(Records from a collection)
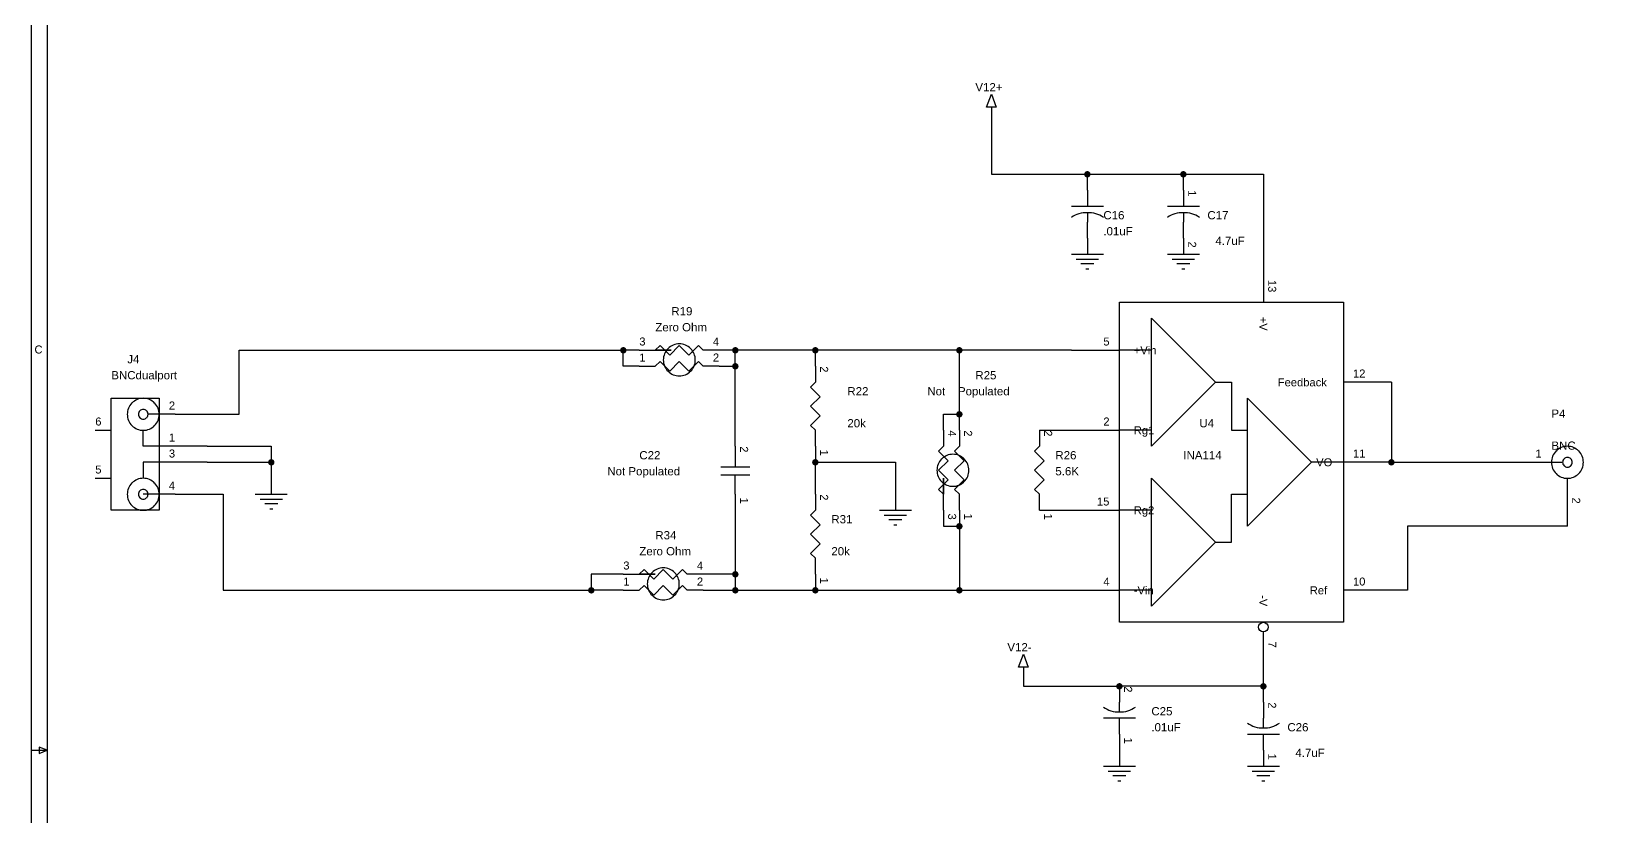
# Model space of a CAD drawing. Extents: x -0.1 to 32.1, y 0.1 to 20.3.
# Drawn here: x -0.1 to 9.67, y 9.68 to 14.59 of the extents above; entities that cross this region are included whole.
import ezdxf
from ezdxf.enums import TextEntityAlignment as Align

# ---------------------------------------------------------------- set-up
doc = ezdxf.new("R2010")
doc.units = 0
doc.linetypes.add('DCAD_SOLID', pattern=[0])
for name, color, linetype in [('PARTS', 7, 'CONTINUOUS'), ('PARTTEXT', 7, 'CONTINUOUS'), ('TITLE', 7, 'CONTINUOUS'), ('WIRE', 7, 'CONTINUOUS')]:
    doc.layers.add(name, color=color, linetype=linetype)

msp = doc.modelspace()

# ---------------------------------------------------------------- linework, layer by layer
at = {"layer": 'PARTS', "color": 7, "linetype": 'DCAD_SOLID', "ltscale": 0.75, "flags": 128}
for points in [[(5.87, 14.12), (5.9, 14.2)], [(5.9, 14.2), (5.93, 14.12)], [(5.93, 14.12), (5.87, 14.12)], [(5.9, 14.12), (5.9, 14.1)], [(6.5, 13.6), (6.5, 13.5)], [(7.1, 13.6), (7.1, 13.5)], [(6.4, 13.5), (6.6, 13.5)], [(7, 13.5), (7.2, 13.5)], [(6.5, 13.46), (6.5, 13.4)], [(6.5, 13.3), (6.5, 13.4)], [(7.1, 13.46), (7.1, 13.4)], [(7.1, 13.3), (7.1, 13.4)], [(6.4, 13.2), (6.6, 13.2)], [(7, 13.2), (7.2, 13.2)], [(7.6, 13.2), (7.6, 12.9)], [(6.43, 13.17), (6.57, 13.17)], [(6.54, 13.14), (6.46, 13.14)], [(6.49, 13.11), (6.51, 13.11)], [(7.03, 13.17), (7.17, 13.17)], [(7.14, 13.14), (7.06, 13.14)], [(7.09, 13.11), (7.11, 13.11)], [(7.3, 12.4), (6.9, 12.8)], [(6.9, 12), (6.9, 12.8)], [(3.8, 12.6), (3.83, 12.63)], [(3.83, 12.63), (3.89, 12.57)], [(3.89, 12.57), (3.95, 12.63)], [(3.95, 12.63), (4.01, 12.57)], [(4.01, 12.57), (4.07, 12.63)], [(4.07, 12.63), (4.1, 12.6)], [(3.7, 12.6), (3.8, 12.6)], [(3.8, 12.5), (3.83, 12.53)], [(3.83, 12.53), (3.89, 12.47)], [(3.89, 12.47), (3.95, 12.53)], [(3.95, 12.53), (4.01, 12.47)], [(4.01, 12.47), (4.07, 12.53)], [(4.07, 12.53), (4.1, 12.5)], [(4.2, 12.6), (4.1, 12.6)], [(6.4, 12.6), (6.7, 12.6)], [(6.9, 12.6), (6.7, 12.6)], [(3.7, 12.5), (3.8, 12.5)], [(4.2, 12.5), (4.1, 12.5)], [(4.8, 12.5), (4.8, 12.4)], [(4.77, 12.37), (4.8, 12.4)], [(4.83, 12.31), (4.77, 12.37)], [(7.3, 12.4), (6.9, 12)], [(7.3, 12.4), (7.4, 12.4)], [(7.4, 12.4), (7.4, 12.1)], [(8.4, 12.4), (8.1, 12.4)], [(4.77, 12.25), (4.83, 12.31)], [(4.83, 12.19), (4.77, 12.25)], [(7.9, 11.9), (7.5, 12.3)], [(7.5, 11.5), (7.5, 12.3)], [(0.7, 12.2), (0.63, 12.2)], [(0.8, 12.2), (0.7, 12.2)], [(4.77, 12.13), (4.83, 12.19)], [(4.8, 12.1), (4.77, 12.13)], [(0.3, 12.1), (0.4, 12.1)], [(0.6, 12), (0.6, 12.1)], [(4.8, 12), (4.8, 12.1)], [(5.6, 12.1), (5.6, 12)], [(5.7, 12.1), (5.7, 12)], [(6.2, 12.1), (6.2, 12)], [(6.4, 12.1), (6.7, 12.1)], [(6.9, 12.1), (6.7, 12.1)], [(7.4, 12.1), (7.5, 12.1)], [(0.7, 12), (0.6, 12)], [(1, 12), (0.7, 12)], [(4.3, 12), (4.3, 11.9)], [(5.57, 11.97), (5.6, 12)], [(5.63, 11.91), (5.57, 11.97)], [(5.67, 11.97), (5.7, 12)], [(5.73, 11.91), (5.67, 11.97)], [(6.17, 11.97), (6.2, 12)], [(6.23, 11.91), (6.17, 11.97)], [(0.7, 11.9), (0.6, 11.9), (0.6, 11.8)], [(1, 11.9), (0.7, 11.9)], [(4.39, 11.87), (4.21, 11.87)], [(4.3, 11.9), (4.3, 11.87)], [(5.57, 11.85), (5.63, 11.91)], [(5.63, 11.79), (5.57, 11.85)], [(5.67, 11.85), (5.73, 11.91)], [(5.73, 11.79), (5.67, 11.85)], [(6.17, 11.85), (6.23, 11.91)], [(6.23, 11.79), (6.17, 11.85)], [(7.9, 11.9), (7.5, 11.5)], [(8.1, 11.9), (7.9, 11.9)], [(8.4, 11.9), (8.1, 11.9)], [(9.3, 11.9), (9.4, 11.9)], [(9.4, 11.9), (9.47, 11.9)], [(0.3, 11.8), (0.4, 11.8)], [(4.39, 11.82), (4.21, 11.82)], [(4.3, 11.8), (4.3, 11.82)], [(4.3, 11.7), (4.3, 11.8)], [(5.57, 11.73), (5.63, 11.79)], [(5.6, 11.7), (5.57, 11.73)], [(5.67, 11.73), (5.73, 11.79)], [(5.7, 11.7), (5.67, 11.73)], [(6.17, 11.73), (6.23, 11.79)], [(6.2, 11.7), (6.17, 11.73)], [(7.3, 11.4), (6.9, 11.8)], [(6.9, 11), (6.9, 11.8)], [(9.5, 11.5), (9.5, 11.8)], [(0.7, 11.7), (0.6, 11.7)], [(0.8, 11.7), (0.7, 11.7)], [(1.3, 11.7), (1.5, 11.7)], [(1.33, 11.67), (1.47, 11.67)], [(1.44, 11.64), (1.36, 11.64)], [(4.8, 11.7), (4.8, 11.6)], [(5.6, 11.6), (5.6, 11.7)], [(5.7, 11.6), (5.7, 11.7)], [(6.2, 11.6), (6.2, 11.7)], [(7.4, 11.4), (7.4, 11.7)], [(7.4, 11.7), (7.5, 11.7)], [(1.39, 11.61), (1.41, 11.61)], [(4.77, 11.57), (4.8, 11.6)], [(4.83, 11.51), (4.77, 11.57)], [(5.2, 11.6), (5.4, 11.6)], [(5.23, 11.57), (5.37, 11.57)], [(5.34, 11.54), (5.26, 11.54)], [(6.4, 11.6), (6.7, 11.6)], [(6.9, 11.6), (6.7, 11.6)], [(4.77, 11.45), (4.83, 11.51)], [(4.83, 11.39), (4.77, 11.45)], [(5.29, 11.51), (5.31, 11.51)], [(4.77, 11.33), (4.83, 11.39)], [(7.3, 11.4), (6.9, 11)], [(7.3, 11.4), (7.4, 11.4)], [(4.8, 11.3), (4.77, 11.33)], [(4.8, 11.2), (4.8, 11.3)], [(3.6, 11.2), (3.7, 11.2)], [(3.7, 11.2), (3.73, 11.23)], [(3.73, 11.23), (3.79, 11.17)], [(3.79, 11.17), (3.85, 11.23)], [(3.85, 11.23), (3.91, 11.17)], [(3.91, 11.17), (3.97, 11.23)], [(3.97, 11.23), (4, 11.2)], [(4.1, 11.2), (4, 11.2)], [(3.6, 11.1), (3.7, 11.1)], [(3.7, 11.1), (3.73, 11.13)], [(3.73, 11.13), (3.79, 11.07)], [(3.79, 11.07), (3.85, 11.13)], [(3.85, 11.13), (3.91, 11.07)], [(3.91, 11.07), (3.97, 11.13)], [(3.97, 11.13), (4, 11.1)], [(4.1, 11.1), (4, 11.1)], [(6.4, 11.1), (6.7, 11.1)], [(6.9, 11.1), (6.7, 11.1)], [(8.4, 11.1), (8.1, 11.1)], [(7.6, 10.6), (7.6, 10.84)], [(6.07, 10.62), (6.1, 10.7)], [(6.1, 10.7), (6.13, 10.62)], [(6.13, 10.62), (6.07, 10.62)], [(6.1, 10.62), (6.1, 10.6)], [(6.7, 10.5), (6.7, 10.4)], [(6.7, 10.34), (6.7, 10.4)], [(7.6, 10.4), (7.6, 10.3)], [(6.8, 10.3), (6.6, 10.3)], [(6.7, 10.2), (6.7, 10.3)], [(7.6, 10.24), (7.6, 10.3)], [(7.5, 10.2), (7.7, 10.2)], [(7.6, 10.1), (7.6, 10.2)], [(6.6, 10), (6.8, 10)], [(6.63, 9.97), (6.77, 9.97)], [(7.5, 10), (7.7, 10)], [(7.53, 9.97), (7.67, 9.97)], [(6.74, 9.94), (6.66, 9.94)], [(6.69, 9.91), (6.71, 9.91)], [(7.64, 9.94), (7.56, 9.94)], [(7.59, 9.91), (7.61, 9.91)]]:
    msp.add_lwpolyline(points, dxfattribs=at)
for points in [[(6.7, 12.9), (8.1, 12.9), (8.1, 10.9), (6.7, 10.9), (6.7, 12.9)], [(3.9, 12.6), (3.8962, 12.6), (3.8854, 12.6), (3.8691, 12.6), (3.85, 12.6), (3.8309, 12.6), (3.8146, 12.6), (3.8038, 12.6), (3.8, 12.6), (3.8038, 12.6), (3.8146, 12.6), (3.8309, 12.6), (3.85, 12.6), (3.8691, 12.6), (3.8854, 12.6), (3.8962, 12.6), (3.9, 12.6)], [(0.4, 12.3), (0.7, 12.3), (0.7, 11.6), (0.4, 11.6), (0.4, 12.3)], [(5.6, 11.75), (5.6, 11.7691), (5.6, 11.7854), (5.6, 11.7962), (5.6, 11.8), (5.6, 11.7962), (5.6, 11.7854), (5.6, 11.7691), (5.6, 11.75), (5.6, 11.7309), (5.6, 11.7146), (5.6, 11.7038), (5.6, 11.7), (5.6, 11.7038), (5.6, 11.7146), (5.6, 11.7309), (5.6, 11.75)], [(3.8, 11.2), (3.7962, 11.2), (3.7854, 11.2), (3.7691, 11.2), (3.75, 11.2), (3.7309, 11.2), (3.7146, 11.2), (3.7038, 11.2), (3.7, 11.2), (3.7038, 11.2), (3.7146, 11.2), (3.7309, 11.2), (3.75, 11.2), (3.7691, 11.2), (3.7854, 11.2), (3.7962, 11.2), (3.8, 11.2)]]:
    msp.add_lwpolyline(points, close=True, dxfattribs=at)
at = {"layer": 'PARTS', "color": 7, "linetype": 'DCAD_SOLID', "ltscale": 0.75}
msp.add_circle((7.6, 10.87), 0.03, dxfattribs=at)
for centre, radius, start, end in [((6.4941, 13.298), 0.1621, 87.91586, 125.48263), ((6.5059, 13.298), 0.1621, 54.51737, 92.08414), ((7.0941, 13.298), 0.1621, 87.91586, 125.48263), ((7.1059, 13.298), 0.1621, 54.51737, 92.08414), ((3.9499, 12.54), 0.0999, 134.9367, 157.43866), ((3.95, 12.5401), 0.0999, 112.56134, 135.0633), ((3.95, 12.5399), 0.1001, 89.97262, 112.47458), ((3.95, 12.5399), 0.1001, 67.52542, 90.02738), ((3.95, 12.5401), 0.0999, 44.9367, 67.43866), ((3.9501, 12.54), 0.0999, 22.56134, 45.0633), ((3.9501, 12.54), 0.1001, 157.52542, 180.02738), ((3.9501, 12.54), 0.1001, 179.97262, 202.47458), ((3.9499, 12.54), 0.1001, 359.97262, 22.47458), ((3.9499, 12.54), 0.1001, 337.52542, 0.02738), ((3.9499, 12.54), 0.0999, 202.56134, 225.0633), ((3.95, 12.5399), 0.0999, 224.9367, 247.43866), ((3.95, 12.5401), 0.1001, 247.52542, 270.02738), ((3.95, 12.5401), 0.1001, 269.97262, 292.47458), ((3.95, 12.5399), 0.0999, 292.56134, 315.0633), ((3.9501, 12.54), 0.0999, 314.9367, 337.43866), ((0.6001, 12.2), 0.1001, 157.52542, 180.02738), ((0.5999, 12.2), 0.0999, 134.9367, 157.43866), ((0.6, 12.2001), 0.0999, 112.56134, 135.0633), ((0.6, 12.1999), 0.1001, 89.97262, 112.47458), ((0.5999, 12.2), 0.0299, 134.92286, 157.42481), ((0.6, 12.2001), 0.0299, 112.57519, 135.07714), ((0.6, 12.1999), 0.0301, 90.05896, 112.56091), ((0.6, 12.1999), 0.1001, 67.52542, 90.02738), ((0.6, 12.1999), 0.0301, 67.43909, 89.94104), ((0.6, 12.2001), 0.0299, 44.92286, 67.42481), ((0.6001, 12.2), 0.0299, 22.57519, 45.07714), ((0.6, 12.2001), 0.0999, 44.9367, 67.43866), ((0.6001, 12.2), 0.0999, 22.56134, 45.0633), ((0.5999, 12.2), 0.1001, 359.97262, 22.47458), ((0.6001, 12.2), 0.1001, 179.97262, 202.47458), ((0.5999, 12.2), 0.0999, 202.56134, 225.0633), ((0.6, 12.1999), 0.0999, 224.9367, 247.43866), ((0.6001, 12.2), 0.0301, 157.43909, 179.94104), ((0.6001, 12.2), 0.0301, 180.05896, 202.56091), ((0.5999, 12.2), 0.0299, 202.57519, 225.07714), ((0.6, 12.1999), 0.0299, 224.92286, 247.42481), ((0.6, 12.2001), 0.0301, 247.43909, 269.94104), ((0.6, 12.2001), 0.0301, 270.05896, 292.56091), ((0.6, 12.1999), 0.0299, 292.57519, 315.07714), ((0.6001, 12.2), 0.0299, 314.92286, 337.42481), ((0.5999, 12.2), 0.0301, 0.05896, 22.56091), ((0.5999, 12.2), 0.0301, 337.43909, 359.94104), ((0.6, 12.1999), 0.0999, 292.56134, 315.0633), ((0.6001, 12.2), 0.0999, 314.9367, 337.43866), ((0.5999, 12.2), 0.1001, 337.52542, 0.02738), ((0.6, 12.2001), 0.1001, 247.52542, 270.02738), ((0.6, 12.2001), 0.1001, 269.97262, 292.47458), ((5.6599, 11.85), 0.0999, 134.9367, 157.43866), ((5.66, 11.8501), 0.0999, 112.56134, 135.0633), ((5.66, 11.8499), 0.1001, 89.97262, 112.47458), ((5.66, 11.8499), 0.1001, 67.52542, 90.02738), ((5.66, 11.8501), 0.0999, 44.9367, 67.43866), ((5.6601, 11.85), 0.0999, 22.56134, 45.0633), ((9.5001, 11.9), 0.1001, 157.52542, 180.02738), ((9.4999, 11.9), 0.0999, 134.9367, 157.43866), ((9.5, 11.9001), 0.0999, 112.56134, 135.0633), ((9.5, 11.8999), 0.1001, 89.97262, 112.47458), ((9.4999, 11.9), 0.0299, 134.92286, 157.42481), ((9.5, 11.9001), 0.0299, 112.57519, 135.07714), ((9.5, 11.8999), 0.0301, 90.05896, 112.56091), ((9.5, 11.8999), 0.1001, 67.52542, 90.02738), ((9.5, 11.8999), 0.0301, 67.43909, 89.94104), ((9.5, 11.9001), 0.0299, 44.92286, 67.42481), ((9.5001, 11.9), 0.0299, 22.57519, 45.07714), ((9.5, 11.9001), 0.0999, 44.9367, 67.43866), ((9.5001, 11.9), 0.0999, 22.56134, 45.0633), ((9.4999, 11.9), 0.1001, 359.97262, 22.47458), ((5.6601, 11.85), 0.1001, 157.52542, 180.02738), ((5.6601, 11.85), 0.1001, 179.97262, 202.47458), ((5.6599, 11.85), 0.1001, 359.97262, 22.47458), ((5.6599, 11.85), 0.1001, 337.52542, 0.02738), ((9.5001, 11.9), 0.1001, 179.97262, 202.47458), ((9.4999, 11.9), 0.0999, 202.56134, 225.0633), ((9.5, 11.8999), 0.0999, 224.9367, 247.43866), ((9.5001, 11.9), 0.0301, 157.43909, 179.94104), ((9.5001, 11.9), 0.0301, 180.05896, 202.56091), ((9.4999, 11.9), 0.0299, 202.57519, 225.07714), ((9.5, 11.8999), 0.0299, 224.92286, 247.42481), ((9.5, 11.9001), 0.0301, 247.43909, 269.94104), ((9.5, 11.9001), 0.0301, 270.05896, 292.56091), ((9.5, 11.8999), 0.0299, 292.57519, 315.07714), ((9.5001, 11.9), 0.0299, 314.92286, 337.42481), ((9.4999, 11.9), 0.0301, 0.05896, 22.56091), ((9.4999, 11.9), 0.0301, 337.43909, 359.94104), ((9.5, 11.8999), 0.0999, 292.56134, 315.0633), ((9.5001, 11.9), 0.0999, 314.9367, 337.43866), ((9.4999, 11.9), 0.1001, 337.52542, 0.02738), ((0.6001, 11.7), 0.1001, 157.52542, 180.02738), ((0.5999, 11.7), 0.0999, 134.9367, 157.43866), ((0.6, 11.7001), 0.0999, 112.56134, 135.0633), ((0.6, 11.6999), 0.1001, 89.97262, 112.47458), ((0.6, 11.7001), 0.0299, 112.57519, 135.07714), ((0.6, 11.6999), 0.0301, 90.05896, 112.56091), ((0.6, 11.6999), 0.1001, 67.52542, 90.02738), ((0.6, 11.6999), 0.0301, 67.43909, 89.94104), ((0.6, 11.7001), 0.0299, 44.92286, 67.42481), ((0.6, 11.7001), 0.0999, 44.9367, 67.43866), ((0.6001, 11.7), 0.0999, 22.56134, 45.0633), ((0.5999, 11.7), 0.1001, 359.97262, 22.47458), ((5.6599, 11.85), 0.0999, 202.56134, 225.0633), ((5.66, 11.8499), 0.0999, 224.9367, 247.43866), ((5.66, 11.8501), 0.1001, 247.52542, 270.02738), ((5.66, 11.8501), 0.1001, 269.97262, 292.47458), ((5.66, 11.8499), 0.0999, 292.56134, 315.0633), ((5.6601, 11.85), 0.0999, 314.9367, 337.43866), ((9.5, 11.9001), 0.1001, 247.52542, 270.02738), ((9.5, 11.9001), 0.1001, 269.97262, 292.47458), ((0.6001, 11.7), 0.1001, 179.97262, 202.47458), ((0.5999, 11.7), 0.0999, 202.56134, 225.0633), ((0.6, 11.6999), 0.0999, 224.9367, 247.43866), ((0.6001, 11.7), 0.0301, 157.43909, 179.94104), ((0.6001, 11.7), 0.0301, 180.05896, 202.56091), ((0.5999, 11.7), 0.0299, 134.92286, 157.42481), ((0.5999, 11.7), 0.0299, 202.57519, 225.07714), ((0.6, 11.6999), 0.0299, 224.92286, 247.42481), ((0.6, 11.7001), 0.0301, 247.43909, 269.94104), ((0.6, 11.7001), 0.0301, 270.05896, 292.56091), ((0.6, 11.6999), 0.0299, 292.57519, 315.07714), ((0.6001, 11.7), 0.0299, 22.57519, 45.07714), ((0.6001, 11.7), 0.0299, 314.92286, 337.42481), ((0.5999, 11.7), 0.0301, 0.05896, 22.56091), ((0.5999, 11.7), 0.0301, 337.43909, 359.94104), ((0.6, 11.6999), 0.0999, 292.56134, 315.0633), ((0.6001, 11.7), 0.0999, 314.9367, 337.43866), ((0.5999, 11.7), 0.1001, 337.52542, 0.02738), ((0.6, 11.7001), 0.1001, 247.52542, 270.02738), ((0.6, 11.7001), 0.1001, 269.97262, 292.47458), ((3.85, 11.1399), 0.1001, 89.97262, 112.47458), ((3.85, 11.1399), 0.1001, 67.52542, 90.02738), ((3.8501, 11.14), 0.1001, 157.52542, 180.02738), ((3.8501, 11.14), 0.1001, 179.97262, 202.47458), ((3.8499, 11.14), 0.0999, 134.9367, 157.43866), ((3.85, 11.1401), 0.0999, 112.56134, 135.0633), ((3.85, 11.1401), 0.0999, 44.9367, 67.43866), ((3.8501, 11.14), 0.0999, 22.56134, 45.0633), ((3.8499, 11.14), 0.1001, 359.97262, 22.47458), ((3.8499, 11.14), 0.1001, 337.52542, 0.02738), ((3.8499, 11.14), 0.0999, 202.56134, 225.0633), ((3.85, 11.1399), 0.0999, 224.9367, 247.43866), ((3.85, 11.1401), 0.1001, 247.52542, 270.02738), ((3.85, 11.1401), 0.1001, 269.97262, 292.47458), ((3.85, 11.1399), 0.0999, 292.56134, 315.0633), ((3.8501, 11.14), 0.0999, 314.9367, 337.43866), ((6.6941, 10.502), 0.1621, 234.51737, 272.08414), ((6.7059, 10.502), 0.1621, 267.91586, 305.48263), ((7.5941, 10.402), 0.1621, 234.51737, 272.08414), ((7.6059, 10.402), 0.1621, 267.91586, 305.48263)]:
    msp.add_arc(centre, radius, start, end, dxfattribs=at)
at = {"layer": 'TITLE', "color": 7, "linetype": 'DCAD_SOLID', "ltscale": 0.75, "flags": 128}
for points in [[(-0.1, 0.1), (32.1, 0.1), (32.1, 20.3), (-0.1, 20.3), (-0.1, 0.1)], [(0, 0.2), (32, 0.2), (32, 20.2), (0, 20.2), (0, 0.2)]]:
    msp.add_lwpolyline(points, close=True, dxfattribs=at)
msp.add_lwpolyline([(-0.1, 10.1), (0, 10.1)], dxfattribs=at)
at = {"layer": 'TITLE', "color": 7}
msp.add_3dface([(0, 10.1), (-0.05, 10.12), (-0.05, 10.08)], dxfattribs=at).dxf.unprotected_set("ltscale", 0)
msp.add_3dface([(0, 10.1), (-0.05, 10.12), (-0.05, 10.08)], dxfattribs=at).dxf.unprotected_set("ltscale", 0)
msp.add_3dface([(0, 10.1), (-0.05, 10.12), (-0.05, 10.08)], dxfattribs=at).dxf.unprotected_set("ltscale", 0)
at = {"layer": 'WIRE', "color": 7, "linetype": 'DCAD_SOLID', "ltscale": 0.75, "flags": 128}
for points in [[(5.9, 14.1), (5.9, 13.7)], [(5.9, 13.7), (6.5, 13.7)], [(6.5, 13.7), (7.1, 13.7)], [(6.5, 13.6), (6.5, 13.7)], [(7.1, 13.6), (7.1, 13.7)], [(7.1, 13.7), (7.6, 13.7)], [(7.6, 13.7), (7.6, 13.2)], [(6.5, 13.3), (6.5, 13.2)], [(7.1, 13.3), (7.1, 13.2)], [(1.2, 12.2), (1.2, 12.6)], [(1.2, 12.6), (3.6, 12.6)], [(3.7, 12.6), (3.6, 12.6)], [(3.6, 12.5), (3.6, 12.6)], [(4.3, 12.6), (4.2, 12.6)], [(4.3, 12.5), (4.3, 12.6)], [(4.8, 12.6), (4.3, 12.6)], [(4.8, 12.5), (4.8, 12.6)], [(5.7, 12.6), (4.8, 12.6)], [(5.7, 12.2), (5.7, 12.6)], [(6.4, 12.6), (5.7, 12.6)], [(3.7, 12.5), (3.6, 12.5)], [(4.2, 12.5), (4.3, 12.5)], [(4.3, 12), (4.3, 12.5)], [(8.4, 12.4), (8.4, 11.9)], [(0.8, 12.2), (1.2, 12.2)], [(5.6, 12.2), (5.7, 12.2)], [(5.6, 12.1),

## [PROBLEM DETAILS]
Find the word "flags" in the data and copy out each line where it turns up.

## [YOUR RESPONSE]
at = {"layer": 'PARTS', "color": 7, "linetype": 'DCAD_SOLID', "ltscale": 0.75, "flags": 128}
at = {"layer": 'TITLE', "color": 7, "linetype": 'DCAD_SOLID', "ltscale": 0.75, "flags": 128}
at = {"layer": 'WIRE', "color": 7, "linetype": 'DCAD_SOLID', "ltscale": 0.75, "flags": 128}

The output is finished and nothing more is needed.